:: Task details ::
Beginning at whichever line contains "fillet3_edges = [part.edges().sort_by_distance(p)[0]", reproduce each line of the records below word for word, ending with the last, and add nothing.

[Records drawn from a dataset]
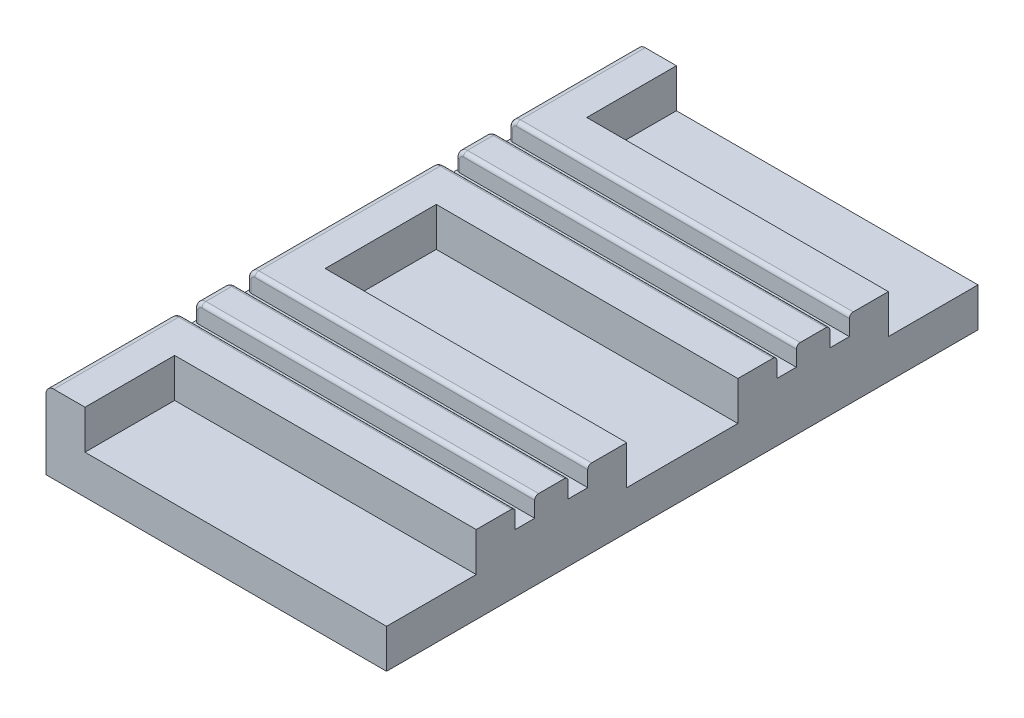
from build123d import *

# Parameters (mm, degrees)
SKETCH1_W                                  = 240
SKETCH1_H                                  = 200
BOSS_EXTRUDE1_DEPTH                        = 20
SKETCH7_W                                  = 120
SKETCH7_H                                  = 50
BOSS_EXTRUDE6_DEPTH                        = 20
FILLET1_R                                  = 2
SKETCH2_W                                  = 39.3
SKETCH2_H                                  = 125.7
CUT_EXTRUDE1_DEPTH                         = 10
CUT_EXTRUDE3_DEPTH                         = 5
MIRROR4_AT_THE_SECOND_PLANE_COPY_1_DEPTH   = 5
SKETCH11_W                                 = 104.748042719
SKETCH11_H                                 = 5
CUT_EXTRUDE4_DEPTH                         = 5
MIRROR6_AT_THE_SECOND_PLANE_COPY_1_SKETC_W = 104.748042719
MIRROR6_AT_THE_SECOND_PLANE_COPY_1_SKETC_H = 5
MIRROR6_AT_THE_SECOND_PLANE_COPY_1_DEPTH   = 5
SHELL1_START                               = 10
SHELL1_OUTLINE_W                           = 80.35
SHELL1_OUTLINE_H                           = 28.5
SHELL1_DEPTH                               = 10
FILLET3_R                                  = 1
SKETCH13_W                                 = 7.252545243
SKETCH13_H                                 = 2.335565418
SKETCH13_W_2                               = 1.720942939
SKETCH13_H_2                               = 2.581414408
CUT_EXTRUDE5_DEPTH                         = 2
CUT_EXTRUDE6_DEPTH                         = 10
MIRROR7_AT_THE_SECOND_PLANE_COPY_1_DEPTH   = 10
SKETCH15_W                                 = 101.789001661
SKETCH15_H                                 = 87.14110882
CUT_EXTRUDE7_DEPTH                         = 194.132079158
SKETCH16_W                                 = 160.143350343
SKETCH16_H                                 = 312.615723006
CUT_EXTRUDE9_DEPTH                         = 194.132079158


# Read off the part's stored shape, not the designer's step: Shell1
with BuildPart() as part:
    # Sketch1 → Boss-Extrude1 (new body)
    with BuildSketch(Plane(origin=(0, 0, 0), x_dir=(1, 0, 0), z_dir=(0, 1, 0))):
        Rectangle(SKETCH1_W, SKETCH1_H)
    extrude(amount=BOSS_EXTRUDE1_DEPTH)

    # Sketch7 → Boss-Extrude6 (add)
    with BuildSketch(Plane(origin=(0, 0, 0), x_dir=(1, 0, 0), z_dir=(0, 1, 0))):
        with Locations((0, 125)):
            Rectangle(SKETCH7_W, SKETCH7_H)
        with Locations((0, -125)):
            Rectangle(SKETCH7_W, SKETCH7_H)
    extrude(amount=BOSS_EXTRUDE6_DEPTH)

    # Fillet1
    fillet1_edges = [part.edges().sort_by_distance(p)[0] for p in [
        (-120, 20, 0),
        (90, 20, 100),
        (-90, 20, 100),
        (-60, 10, 150),
        (60, 10, 150),
        (-60, 20, 125),
        (0, 20, 150),
        (60, 20, 125),
        (-90, 20, -100),
        (60, 20, -125),
        (0, 20, -150),
        (60, 10, -150),
        (-60, 10, -150),
        (-60, 20, -125),
        (120, 20, 0),
        (120, 10, 100),
        (-120, 10, 100),
        (-120, 10, -100),
        (120, 10, -100),
        (90, 20, -100),
    ]]
    fillet(fillet1_edges, radius=FILLET1_R)

    # Sketch2 → Cut-Extrude1 (cut)
    with BuildSketch(Plane(origin=(0, 20, 0), x_dir=(1, 0, 0), z_dir=(0, 1, 0))):
        Rectangle(SKETCH2_W, SKETCH2_H)
    extrude(amount=-CUT_EXTRUDE1_DEPTH, mode=Mode.SUBTRACT)

    # Sketch10 → Cut-Extrude3 (cut)
    with BuildSketch(Plane(origin=(0, 20, 0), x_dir=(1, 0, 0), z_dir=(0, 1, 0))):
        Polygon((-9.25, -40.5), (-9.25, -33.162899401), (-4.25, -33.162899401), (-4.25, -40.5), (-4.25, -156.832928994), (-9.25, -156.832928994), align=None)
    cut_extrude3 = extrude(amount=-CUT_EXTRUDE3_DEPTH, mode=Mode.SUBTRACT)

    # Mirror4: Cut-Extrude3 across plane
    add(cut_extrude3.mirror(Plane(origin=(0, 0, 0), x_dir=(0, 0, 1), z_dir=(1, 0, 0))), mode=Mode.SUBTRACT)

    # Mirror4 at the second plane: Cut-Extrude3 across plane
    add(cut_extrude3.mirror(Plane.XY), mode=Mode.SUBTRACT)

    # Mirror4 at the second plane copy 1 sketc → Mirror4 at the second plane copy 1 (cut)
    with BuildSketch(Plane(origin=(0, 20, 0), x_dir=(-1, 0, 0), z_dir=(0, 1, 0))):
        Polygon((-9.25, -40.5), (-9.25, -33.162899401), (-4.25, -33.162899401), (-4.25, -40.5), (-4.25, -156.832928994), (-9.25, -156.832928994), align=None)
    extrude(amount=-MIRROR4_AT_THE_SECOND_PLANE_COPY_1_DEPTH, mode=Mode.SUBTRACT)

    # Sketch11 → Cut-Extrude4 (cut)
    with BuildSketch(Plane(origin=(0, 20, 0), x_dir=(1, 0, 0), z_dir=(0, 1, 0))):
        with Locations((-72.024021359, 26.75)):
            Rectangle(SKETCH11_W, SKETCH11_H)
        with Locations((-72.024021359, 40.35)):
            Rectangle(SKETCH11_W, SKETCH11_H)
    cut_extrude4 = extrude(amount=-CUT_EXTRUDE4_DEPTH, mode=Mode.SUBTRACT)

    # Mirror6: Cut-Extrude4 across plane
    add(cut_extrude4.mirror(Plane.XY), mode=Mode.SUBTRACT)

    # Mirror6 at the second plane: Cut-Extrude4 across plane
    add(cut_extrude4.mirror(Plane(origin=(0, 0, 0), x_dir=(0, 0, 1), z_dir=(1, 0, 0))), mode=Mode.SUBTRACT)

    # Mirror6 at the second plane copy 1 sketc → Mirror6 at the second plane copy 1 (cut)
    with BuildSketch(Plane(origin=(0, 20, 0), x_dir=(-1, 0, 0), z_dir=(0, 1, 0))):
        with Locations((-72.024021359, 26.75)):
            Rectangle(MIRROR6_AT_THE_SECOND_PLANE_COPY_1_SKETC_W, MIRROR6_AT_THE_SECOND_PLANE_COPY_1_SKETC_H)
        with Locations((-72.024021359, 40.35)):
            Rectangle(MIRROR6_AT_THE_SECOND_PLANE_COPY_1_SKETC_W, MIRROR6_AT_THE_SECOND_PLANE_COPY_1_SKETC_H)
    extrude(amount=-MIRROR6_AT_THE_SECOND_PLANE_COPY_1_DEPTH, mode=Mode.SUBTRACT)

    # Shell1 outline → Shell1 (cut)
    with BuildSketch(Plane(origin=(0, 0, 0), x_dir=(1, 0, 0), z_dir=(0, 1, 0)).offset(SHELL1_START)):
        Polygon((-29.65, 72.85), (-19.25, 72.85), (-19.25, 140), (-50, 140), (-50, 90), (-110, 90), (-110, 52.85), (-29.65, 52.85), align=None)
        Polygon((19.25, 72.85), (29.65, 72.85), (29.65, 52.85), (110, 52.85), (110, 90), (50, 90), (50, 140), (19.25, 140), align=None)
        Polygon((-110, -52.85), (-110, -90), (-50, -90), (-50, -140), (-19.25, -140), (-19.25, -72.85), (-29.65, -72.85), (-29.65, -52.85), align=None)
        with Locations((-69.825, 0)):
            Rectangle(SHELL1_OUTLINE_W, SHELL1_OUTLINE_H)
        Polygon((29.65, -72.85), (19.25, -72.85), (19.25, -140), (50, -140), (50, -90), (110, -90), (110, -52.85), (29.65, -52.85), align=None)
        with Locations((69.825, 0)):
            Rectangle(SHELL1_OUTLINE_W, SHELL1_OUTLINE_H)
    extrude(amount=SHELL1_DEPTH, mode=Mode.SUBTRACT)

    # Fillet3
    fillet3_edges = [part.edges().sort_by_distance(p)[0] for p in [
        (-4.25, 16.5, 150),
        (-4.25, 19.414213562, 149.414213562),
        (-9.25, 16.5, 150),
        (-9.25, 19.414213562, 149.414213562),
        (-4.25, 20, 105.425),
        (-9.25, 20, 105.425),
        (-9.25, 19.414213562, -149.414213562),
        (-9.25, 16.5, -150),
        (-9.25, 20, -105.425),
        (-4.25, 16.5, -150),
        (-4.25, 19.414213562, -149.414213562),
        (-4.25, 20, -105.425),
        (9.25, 16.5, 150),
        (9.25, 20, 105.425),
        (9.25, 19.414213562, 149.414213562),
        (4.25, 16.5, 150),
        (4.25, 19.414213562, 149.414213562),
        (4.25, 20, 105.425),
        (4.25, 16.5, -150),
        (4.25, 19.414213562, -149.414213562),
        (9.25, 19.414213562, -149.414213562),
        (9.25, 16.5, -150),
        (4.25, 20, -105.425),
        (9.25, 20, -105.425),
        (-120, 16.5, -24.25),
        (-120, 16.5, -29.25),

:: Task output ::
    fillet3_edges = [part.edges().sort_by_distance(p)[0] for p in [
        (-4.25, 16.5, 150),
        (-4.25, 19.414213562, 149.414213562),
        (-9.25, 16.5, 150),
        (-9.25, 19.414213562, 149.414213562),
        (-4.25, 20, 105.425),
        (-9.25, 20, 105.425),
        (-9.25, 19.414213562, -149.414213562),
        (-9.25, 16.5, -150),
        (-9.25, 20, -105.425),
        (-4.25, 16.5, -150),
        (-4.25, 19.414213562, -149.414213562),
        (-4.25, 20, -105.425),
        (9.25, 16.5, 150),
        (9.25, 20, 105.425),
        (9.25, 19.414213562, 149.414213562),
        (4.25, 16.5, 150),
        (4.25, 19.414213562, 149.414213562),
        (4.25, 20, 105.425),
        (4.25, 16.5, -150),
        (4.25, 19.414213562, -149.414213562),
        (9.25, 19.414213562, -149.414213562),
        (9.25, 16.5, -150),
        (4.25, 20, -105.425),
        (9.25, 20, -105.425),
        (-120, 16.5, -24.25),
        (-120, 16.5, -29.25),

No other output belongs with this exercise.